Look through the data below and, wherever a line carries the word "MitadespesorMDF", please copy that line.

═════ RECORD EXTRACTS

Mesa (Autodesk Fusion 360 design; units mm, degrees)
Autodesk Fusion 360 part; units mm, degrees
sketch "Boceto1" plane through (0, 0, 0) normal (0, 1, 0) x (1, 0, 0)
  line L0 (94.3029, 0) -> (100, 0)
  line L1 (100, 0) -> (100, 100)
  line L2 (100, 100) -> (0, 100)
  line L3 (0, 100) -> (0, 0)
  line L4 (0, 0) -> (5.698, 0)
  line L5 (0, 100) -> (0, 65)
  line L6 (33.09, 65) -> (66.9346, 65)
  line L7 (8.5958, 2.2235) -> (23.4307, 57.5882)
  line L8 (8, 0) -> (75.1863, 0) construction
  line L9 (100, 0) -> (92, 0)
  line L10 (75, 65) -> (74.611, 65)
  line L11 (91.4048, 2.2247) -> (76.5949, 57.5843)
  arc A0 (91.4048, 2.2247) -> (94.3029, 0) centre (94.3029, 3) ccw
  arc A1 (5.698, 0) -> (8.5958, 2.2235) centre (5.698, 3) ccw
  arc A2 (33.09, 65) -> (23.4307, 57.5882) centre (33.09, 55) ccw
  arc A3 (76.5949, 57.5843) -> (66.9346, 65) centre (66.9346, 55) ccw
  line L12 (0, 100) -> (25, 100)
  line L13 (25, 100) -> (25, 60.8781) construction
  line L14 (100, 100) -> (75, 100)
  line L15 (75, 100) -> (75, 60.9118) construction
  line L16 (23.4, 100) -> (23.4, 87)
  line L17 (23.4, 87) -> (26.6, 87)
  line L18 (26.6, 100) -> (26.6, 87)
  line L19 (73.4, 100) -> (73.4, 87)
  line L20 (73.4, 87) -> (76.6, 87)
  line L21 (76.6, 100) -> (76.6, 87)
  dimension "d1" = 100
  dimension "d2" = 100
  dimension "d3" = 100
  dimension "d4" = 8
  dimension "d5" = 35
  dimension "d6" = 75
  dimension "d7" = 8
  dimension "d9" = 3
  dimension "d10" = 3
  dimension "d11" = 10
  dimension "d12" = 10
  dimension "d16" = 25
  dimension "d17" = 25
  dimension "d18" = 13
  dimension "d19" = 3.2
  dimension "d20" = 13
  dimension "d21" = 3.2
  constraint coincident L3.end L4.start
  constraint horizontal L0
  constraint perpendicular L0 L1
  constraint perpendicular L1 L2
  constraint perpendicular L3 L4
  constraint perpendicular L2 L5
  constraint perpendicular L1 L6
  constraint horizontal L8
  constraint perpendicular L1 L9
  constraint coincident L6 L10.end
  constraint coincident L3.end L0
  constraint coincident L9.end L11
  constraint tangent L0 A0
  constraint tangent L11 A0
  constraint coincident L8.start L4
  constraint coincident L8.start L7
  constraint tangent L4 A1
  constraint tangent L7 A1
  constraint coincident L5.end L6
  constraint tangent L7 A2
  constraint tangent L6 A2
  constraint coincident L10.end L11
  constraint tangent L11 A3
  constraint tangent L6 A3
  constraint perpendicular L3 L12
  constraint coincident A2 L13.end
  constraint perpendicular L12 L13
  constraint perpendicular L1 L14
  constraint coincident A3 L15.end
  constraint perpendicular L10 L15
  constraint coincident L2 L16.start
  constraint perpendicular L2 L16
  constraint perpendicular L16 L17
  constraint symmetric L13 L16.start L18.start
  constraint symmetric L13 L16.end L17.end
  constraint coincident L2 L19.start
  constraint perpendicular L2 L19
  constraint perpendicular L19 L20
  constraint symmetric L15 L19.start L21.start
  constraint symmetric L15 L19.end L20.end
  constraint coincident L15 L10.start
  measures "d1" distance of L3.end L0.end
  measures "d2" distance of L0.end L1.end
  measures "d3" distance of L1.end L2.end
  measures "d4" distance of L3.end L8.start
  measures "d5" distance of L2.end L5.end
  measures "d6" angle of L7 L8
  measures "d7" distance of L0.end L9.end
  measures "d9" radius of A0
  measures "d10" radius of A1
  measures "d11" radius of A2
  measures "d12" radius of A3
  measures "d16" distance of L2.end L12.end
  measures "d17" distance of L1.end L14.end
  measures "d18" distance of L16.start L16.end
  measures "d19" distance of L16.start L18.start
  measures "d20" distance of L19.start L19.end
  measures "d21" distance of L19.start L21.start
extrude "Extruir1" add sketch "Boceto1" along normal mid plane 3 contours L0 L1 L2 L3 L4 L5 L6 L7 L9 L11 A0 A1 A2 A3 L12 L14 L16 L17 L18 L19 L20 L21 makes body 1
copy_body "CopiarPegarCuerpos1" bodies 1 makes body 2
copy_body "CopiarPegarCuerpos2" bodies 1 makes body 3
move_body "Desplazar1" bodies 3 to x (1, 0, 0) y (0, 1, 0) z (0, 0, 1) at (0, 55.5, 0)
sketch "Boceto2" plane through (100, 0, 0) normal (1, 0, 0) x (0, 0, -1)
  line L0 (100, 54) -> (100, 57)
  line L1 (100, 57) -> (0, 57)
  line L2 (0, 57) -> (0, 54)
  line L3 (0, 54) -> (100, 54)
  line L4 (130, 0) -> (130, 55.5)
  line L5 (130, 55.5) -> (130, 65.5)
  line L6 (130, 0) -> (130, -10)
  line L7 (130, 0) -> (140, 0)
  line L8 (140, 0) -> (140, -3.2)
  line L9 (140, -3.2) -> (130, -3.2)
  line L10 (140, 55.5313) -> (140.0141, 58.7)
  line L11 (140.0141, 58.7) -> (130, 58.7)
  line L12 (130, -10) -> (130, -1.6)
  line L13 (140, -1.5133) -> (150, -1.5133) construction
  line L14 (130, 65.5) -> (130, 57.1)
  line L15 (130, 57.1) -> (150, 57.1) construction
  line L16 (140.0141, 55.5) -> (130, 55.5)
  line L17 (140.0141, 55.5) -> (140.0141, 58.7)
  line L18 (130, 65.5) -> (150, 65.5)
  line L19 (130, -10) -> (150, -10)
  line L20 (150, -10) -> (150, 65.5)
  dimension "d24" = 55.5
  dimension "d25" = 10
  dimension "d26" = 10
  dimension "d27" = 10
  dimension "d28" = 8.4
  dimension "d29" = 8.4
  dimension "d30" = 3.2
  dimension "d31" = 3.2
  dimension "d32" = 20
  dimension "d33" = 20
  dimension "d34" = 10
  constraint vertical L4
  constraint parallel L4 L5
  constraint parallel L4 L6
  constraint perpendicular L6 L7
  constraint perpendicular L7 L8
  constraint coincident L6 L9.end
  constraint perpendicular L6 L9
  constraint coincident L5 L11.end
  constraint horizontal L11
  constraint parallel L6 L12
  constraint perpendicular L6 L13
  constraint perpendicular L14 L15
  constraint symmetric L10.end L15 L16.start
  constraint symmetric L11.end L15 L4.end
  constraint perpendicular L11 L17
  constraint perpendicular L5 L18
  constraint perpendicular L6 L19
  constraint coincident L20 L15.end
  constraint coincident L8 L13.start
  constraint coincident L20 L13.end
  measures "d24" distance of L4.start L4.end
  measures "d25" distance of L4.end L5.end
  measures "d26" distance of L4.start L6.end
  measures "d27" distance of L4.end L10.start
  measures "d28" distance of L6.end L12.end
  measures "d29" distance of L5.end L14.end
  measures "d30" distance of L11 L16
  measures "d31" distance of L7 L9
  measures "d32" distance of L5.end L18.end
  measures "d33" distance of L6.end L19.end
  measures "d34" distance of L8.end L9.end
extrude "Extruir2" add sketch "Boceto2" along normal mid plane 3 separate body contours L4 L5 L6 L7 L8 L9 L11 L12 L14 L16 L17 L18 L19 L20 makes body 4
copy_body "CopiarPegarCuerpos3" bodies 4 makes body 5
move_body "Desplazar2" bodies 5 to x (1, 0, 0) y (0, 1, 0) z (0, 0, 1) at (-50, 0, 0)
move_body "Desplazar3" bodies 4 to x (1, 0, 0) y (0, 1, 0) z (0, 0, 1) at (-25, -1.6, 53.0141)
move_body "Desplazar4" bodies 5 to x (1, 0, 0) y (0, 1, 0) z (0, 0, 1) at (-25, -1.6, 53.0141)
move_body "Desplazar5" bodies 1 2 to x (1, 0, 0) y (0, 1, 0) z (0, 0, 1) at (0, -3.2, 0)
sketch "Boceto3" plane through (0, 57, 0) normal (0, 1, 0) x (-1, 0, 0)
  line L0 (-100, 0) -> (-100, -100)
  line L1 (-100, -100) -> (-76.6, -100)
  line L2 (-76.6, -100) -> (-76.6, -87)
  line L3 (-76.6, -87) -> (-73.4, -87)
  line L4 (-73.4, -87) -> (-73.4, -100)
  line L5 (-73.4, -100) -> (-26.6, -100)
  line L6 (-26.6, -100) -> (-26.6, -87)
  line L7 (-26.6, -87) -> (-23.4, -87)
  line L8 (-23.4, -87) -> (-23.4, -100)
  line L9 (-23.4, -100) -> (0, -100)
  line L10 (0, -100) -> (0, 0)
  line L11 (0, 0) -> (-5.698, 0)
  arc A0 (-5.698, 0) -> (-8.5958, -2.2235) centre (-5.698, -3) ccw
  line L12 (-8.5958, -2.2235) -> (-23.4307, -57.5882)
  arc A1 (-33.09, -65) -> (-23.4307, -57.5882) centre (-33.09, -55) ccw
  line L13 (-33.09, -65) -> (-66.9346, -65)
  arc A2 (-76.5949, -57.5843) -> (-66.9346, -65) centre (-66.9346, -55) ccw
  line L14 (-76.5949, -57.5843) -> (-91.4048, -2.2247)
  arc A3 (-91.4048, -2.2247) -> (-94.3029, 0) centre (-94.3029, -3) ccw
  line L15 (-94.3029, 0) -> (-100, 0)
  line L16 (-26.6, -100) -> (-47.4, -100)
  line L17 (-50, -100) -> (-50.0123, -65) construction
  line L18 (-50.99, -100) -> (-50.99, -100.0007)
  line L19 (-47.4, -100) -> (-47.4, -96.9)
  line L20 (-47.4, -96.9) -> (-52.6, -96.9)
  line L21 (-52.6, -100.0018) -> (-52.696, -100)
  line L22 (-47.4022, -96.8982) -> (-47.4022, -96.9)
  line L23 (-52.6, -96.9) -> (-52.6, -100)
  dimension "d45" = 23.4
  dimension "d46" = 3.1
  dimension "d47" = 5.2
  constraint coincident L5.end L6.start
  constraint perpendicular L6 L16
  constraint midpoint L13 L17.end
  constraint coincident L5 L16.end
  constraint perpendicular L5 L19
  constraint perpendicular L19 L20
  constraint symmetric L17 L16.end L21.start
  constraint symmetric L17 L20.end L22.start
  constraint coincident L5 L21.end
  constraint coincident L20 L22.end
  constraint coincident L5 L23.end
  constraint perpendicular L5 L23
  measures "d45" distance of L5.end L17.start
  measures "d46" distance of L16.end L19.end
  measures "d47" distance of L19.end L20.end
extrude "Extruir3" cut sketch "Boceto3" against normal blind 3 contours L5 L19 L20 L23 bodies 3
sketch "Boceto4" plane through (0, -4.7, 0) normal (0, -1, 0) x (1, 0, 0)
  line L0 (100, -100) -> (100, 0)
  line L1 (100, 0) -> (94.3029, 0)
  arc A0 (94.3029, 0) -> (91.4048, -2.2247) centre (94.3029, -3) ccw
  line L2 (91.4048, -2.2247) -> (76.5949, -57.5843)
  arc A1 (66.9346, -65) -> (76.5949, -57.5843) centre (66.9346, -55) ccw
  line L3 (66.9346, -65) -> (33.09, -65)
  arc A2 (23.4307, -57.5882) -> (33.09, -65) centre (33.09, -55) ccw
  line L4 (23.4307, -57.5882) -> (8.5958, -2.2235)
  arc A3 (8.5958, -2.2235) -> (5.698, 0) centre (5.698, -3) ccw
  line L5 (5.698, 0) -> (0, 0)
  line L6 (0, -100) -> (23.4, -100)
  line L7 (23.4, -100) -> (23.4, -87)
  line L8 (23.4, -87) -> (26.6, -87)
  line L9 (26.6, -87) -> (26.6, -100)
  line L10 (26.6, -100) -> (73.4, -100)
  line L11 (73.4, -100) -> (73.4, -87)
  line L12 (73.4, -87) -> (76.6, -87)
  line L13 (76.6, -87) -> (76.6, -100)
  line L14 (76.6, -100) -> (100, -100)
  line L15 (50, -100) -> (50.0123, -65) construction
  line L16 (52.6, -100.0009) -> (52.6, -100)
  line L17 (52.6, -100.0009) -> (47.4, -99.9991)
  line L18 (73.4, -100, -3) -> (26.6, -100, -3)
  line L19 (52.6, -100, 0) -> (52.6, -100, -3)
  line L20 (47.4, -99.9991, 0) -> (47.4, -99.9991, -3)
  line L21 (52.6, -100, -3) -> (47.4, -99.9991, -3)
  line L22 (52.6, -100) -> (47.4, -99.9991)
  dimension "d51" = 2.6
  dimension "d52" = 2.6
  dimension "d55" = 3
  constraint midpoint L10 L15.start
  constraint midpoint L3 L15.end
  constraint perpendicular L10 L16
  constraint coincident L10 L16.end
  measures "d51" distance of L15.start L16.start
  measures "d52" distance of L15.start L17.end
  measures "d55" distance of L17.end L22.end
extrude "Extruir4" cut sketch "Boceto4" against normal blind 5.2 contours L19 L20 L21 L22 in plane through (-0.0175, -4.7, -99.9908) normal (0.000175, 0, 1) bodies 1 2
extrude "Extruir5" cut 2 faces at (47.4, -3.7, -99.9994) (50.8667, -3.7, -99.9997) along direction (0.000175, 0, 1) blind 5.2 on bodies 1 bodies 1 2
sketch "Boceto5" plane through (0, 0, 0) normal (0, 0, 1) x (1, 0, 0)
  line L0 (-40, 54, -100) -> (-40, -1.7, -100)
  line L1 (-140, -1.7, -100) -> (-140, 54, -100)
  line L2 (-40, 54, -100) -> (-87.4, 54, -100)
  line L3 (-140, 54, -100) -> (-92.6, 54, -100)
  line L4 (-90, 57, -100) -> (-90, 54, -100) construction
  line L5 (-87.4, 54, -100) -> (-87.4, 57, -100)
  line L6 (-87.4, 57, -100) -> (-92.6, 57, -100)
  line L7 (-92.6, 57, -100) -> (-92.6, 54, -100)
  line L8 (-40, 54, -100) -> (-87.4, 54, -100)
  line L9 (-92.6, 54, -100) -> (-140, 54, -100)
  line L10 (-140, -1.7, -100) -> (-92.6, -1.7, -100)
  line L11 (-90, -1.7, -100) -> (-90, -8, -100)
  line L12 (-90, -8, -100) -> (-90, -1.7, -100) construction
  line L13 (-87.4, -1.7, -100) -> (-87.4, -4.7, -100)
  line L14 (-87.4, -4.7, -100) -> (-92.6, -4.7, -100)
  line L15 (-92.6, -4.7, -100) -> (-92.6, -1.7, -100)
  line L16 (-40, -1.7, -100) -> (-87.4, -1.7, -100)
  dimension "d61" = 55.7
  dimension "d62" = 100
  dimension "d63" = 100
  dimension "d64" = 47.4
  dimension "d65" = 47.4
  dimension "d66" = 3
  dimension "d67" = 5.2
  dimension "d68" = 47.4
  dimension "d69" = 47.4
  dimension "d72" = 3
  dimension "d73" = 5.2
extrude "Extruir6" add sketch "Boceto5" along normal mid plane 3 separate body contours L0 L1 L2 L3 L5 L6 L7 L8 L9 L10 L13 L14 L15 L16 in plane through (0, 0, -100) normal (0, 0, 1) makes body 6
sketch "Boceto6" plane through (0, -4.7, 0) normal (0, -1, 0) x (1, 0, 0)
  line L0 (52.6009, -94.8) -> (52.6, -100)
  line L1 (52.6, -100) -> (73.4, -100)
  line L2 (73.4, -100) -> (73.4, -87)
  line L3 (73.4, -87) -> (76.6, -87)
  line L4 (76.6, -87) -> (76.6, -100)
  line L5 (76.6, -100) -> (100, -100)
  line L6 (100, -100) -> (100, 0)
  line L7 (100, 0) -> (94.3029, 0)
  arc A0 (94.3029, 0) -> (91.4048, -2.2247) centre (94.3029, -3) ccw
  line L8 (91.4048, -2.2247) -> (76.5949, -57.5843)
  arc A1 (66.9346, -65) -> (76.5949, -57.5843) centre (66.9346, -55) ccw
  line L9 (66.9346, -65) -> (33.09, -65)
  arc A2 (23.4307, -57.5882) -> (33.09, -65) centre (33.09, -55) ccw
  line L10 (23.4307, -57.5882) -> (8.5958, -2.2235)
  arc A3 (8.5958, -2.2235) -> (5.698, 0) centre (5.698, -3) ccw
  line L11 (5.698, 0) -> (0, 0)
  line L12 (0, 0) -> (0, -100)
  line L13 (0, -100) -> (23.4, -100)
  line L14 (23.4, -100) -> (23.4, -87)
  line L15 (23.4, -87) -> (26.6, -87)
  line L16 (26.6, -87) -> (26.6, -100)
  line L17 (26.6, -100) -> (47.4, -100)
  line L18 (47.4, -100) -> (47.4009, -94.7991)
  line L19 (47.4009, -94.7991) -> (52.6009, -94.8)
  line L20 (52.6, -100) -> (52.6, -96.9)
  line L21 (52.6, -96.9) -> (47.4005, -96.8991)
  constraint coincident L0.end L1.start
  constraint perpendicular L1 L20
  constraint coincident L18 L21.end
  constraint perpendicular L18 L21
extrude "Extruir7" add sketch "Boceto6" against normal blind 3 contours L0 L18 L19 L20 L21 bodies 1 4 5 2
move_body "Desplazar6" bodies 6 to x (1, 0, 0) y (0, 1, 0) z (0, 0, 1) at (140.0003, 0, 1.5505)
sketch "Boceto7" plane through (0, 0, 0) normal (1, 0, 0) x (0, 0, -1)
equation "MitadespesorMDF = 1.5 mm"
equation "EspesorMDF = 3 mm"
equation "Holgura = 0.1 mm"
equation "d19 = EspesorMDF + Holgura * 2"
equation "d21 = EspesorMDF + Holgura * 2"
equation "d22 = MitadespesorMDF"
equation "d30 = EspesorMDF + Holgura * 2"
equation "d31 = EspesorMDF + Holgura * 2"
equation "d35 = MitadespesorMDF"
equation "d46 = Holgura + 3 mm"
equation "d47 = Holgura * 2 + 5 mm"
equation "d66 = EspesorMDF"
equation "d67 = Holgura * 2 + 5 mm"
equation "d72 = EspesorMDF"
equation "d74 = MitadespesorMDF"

══════════

■ THE COMPLETED TASK ■
equation "MitadespesorMDF = 1.5 mm"
equation "d22 = MitadespesorMDF"
equation "d35 = MitadespesorMDF"
equation "d74 = MitadespesorMDF"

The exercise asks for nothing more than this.